Work item
Taking the line that contains "Mux/1 -> [Truck1_Control]" as the start and the last line of the data as the end, repeat exactly every line in that span, but no pictures.

Records provided
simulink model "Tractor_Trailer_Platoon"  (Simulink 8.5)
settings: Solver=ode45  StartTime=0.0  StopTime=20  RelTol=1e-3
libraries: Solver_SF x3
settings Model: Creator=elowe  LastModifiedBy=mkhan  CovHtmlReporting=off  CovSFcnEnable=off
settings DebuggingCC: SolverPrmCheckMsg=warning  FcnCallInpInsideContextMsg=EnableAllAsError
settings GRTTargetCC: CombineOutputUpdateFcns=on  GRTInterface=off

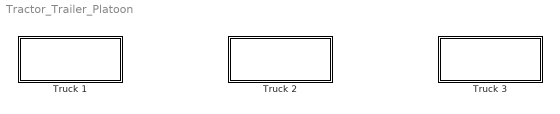
== system Tractor_Trailer_Platoon ==
  Truck 1 : Subsystem
  Truck 2 : Subsystem
  Truck 3 : Subsystem

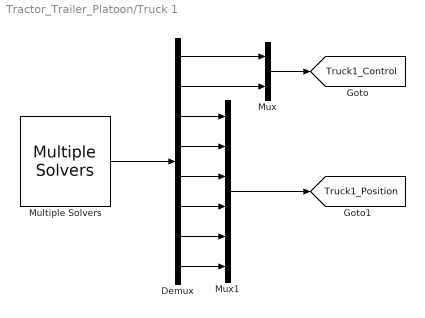
== system Tractor_Trailer_Platoon/Truck 1 ==
  Demux : Demux  Outputs=8
  Multiple Solvers : Solver_SF/Multiple Solvers  Priority=1  iVehicle=1  SIMFILE=D:\product_dev\trunk\Image\TruckSim\Core\TruckSim_Data\Extensions\Simulink\Parallel_Solver\simfile1.sim  Run_RTs=off  vs_state_ind=Run  StopMode_ind=Vehicle Model  vs_scx=on
  Mux : Mux  Inputs=2
  Mux1 : Mux  Inputs=6
  tag scope: Truck1_Control=global, Truck1_Position=global
  wires:
  Multiple Solvers/1 -> Demux/1
  Demux/1 -> Mux/1
  Demux/2 -> Mux/2
  Mux/1 -> [Truck1_Control]
  Mux1/1 -> [Truck1_Position]
  Demux/3 -> Mux1/1
  Demux/4 -> Mux1/2
  Demux/5 -> Mux1/3
  Demux/6 -> Mux1/4
  Demux/7 -> Mux1/5
  Demux/8 -> Mux1/6

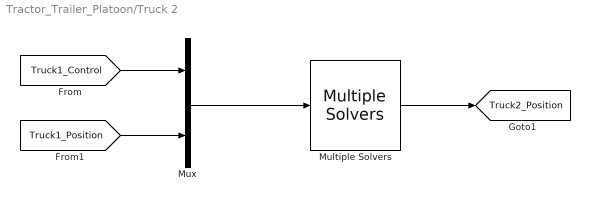
== system Tractor_Trailer_Platoon/Truck 2 ==
  Multiple Solvers : Solver_SF/Multiple Solvers  Priority=1  iVehicle=2  SIMFILE=D:\product_dev\trunk\Image\TruckSim\Core\TruckSim_Data\Extensions\Simulink\Parallel_Solver\simfile2.sim  Run_RTs=off  vs_state_ind=Run  StopMode_ind=Vehicle Model  vs_scx=on
  Mux : Mux  Inputs=2
  tag scope: Truck2_Position=global
  wires:
  Multiple Solvers/1 -> [Truck2_Position]
  [Truck1_Control] -> Mux/1
  Mux/1 -> Multiple Solvers/1
  [Truck1_Position] -> Mux/2

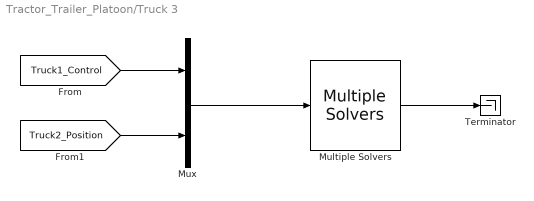
== system Tractor_Trailer_Platoon/Truck 3 ==
  Multiple Solvers : Solver_SF/Multiple Solvers  Priority=1  iVehicle=3  SIMFILE=D:\product_dev\trunk\Image\TruckSim\Core\TruckSim_Data\Extensions\Simulink\Parallel_Solver\simfile3.sim  Run_RTs=off  vs_state_ind=Run  StopMode_ind=Vehicle Model  vs_scx=on
  Mux : Mux  Inputs=2
  Terminator : Terminator
  wires:
  Multiple Solvers/1 -> Terminator/1
  [Truck1_Control] -> Mux/1
  Mux/1 -> Multiple Solvers/1
  [Truck2_Position] -> Mux/2

The completed task
  Mux/1 -> [Truck1_Control]
  Mux1/1 -> [Truck1_Position]
  Demux/3 -> Mux1/1
  Demux/4 -> Mux1/2
  Demux/5 -> Mux1/3
  Demux/6 -> Mux1/4
  Demux/7 -> Mux1/5
  Demux/8 -> Mux1/6

== system Tractor_Trailer_Platoon/Truck 2 ==
  Multiple Solvers : Solver_SF/Multiple Solvers  Priority=1  iVehicle=2  SIMFILE=D:\product_dev\trunk\Image\TruckSim\Core\TruckSim_Data\Extensions\Simulink\Parallel_Solver\simfile2.sim  Run_RTs=off  vs_state_ind=Run  StopMode_ind=Vehicle Model  vs_scx=on
  Mux : Mux  Inputs=2
  tag scope: Truck2_Position=global
  wires:
  Multiple Solvers/1 -> [Truck2_Position]
  [Truck1_Control] -> Mux/1
  Mux/1 -> Multiple Solvers/1
  [Truck1_Position] -> Mux/2

== system Tractor_Trailer_Platoon/Truck 3 ==
  Multiple Solvers : Solver_SF/Multiple Solvers  Priority=1  iVehicle=3  SIMFILE=D:\product_dev\trunk\Image\TruckSim\Core\TruckSim_Data\Extensions\Simulink\Parallel_Solver\simfile3.sim  Run_RTs=off  vs_state_ind=Run  StopMode_ind=Vehicle Model  vs_scx=on
  Mux : Mux  Inputs=2
  Terminator : Terminator
  wires:
  Multiple Solvers/1 -> Terminator/1
  [Truck1_Control] -> Mux/1
  Mux/1 -> Multiple Solvers/1
  [Truck2_Position] -> Mux/2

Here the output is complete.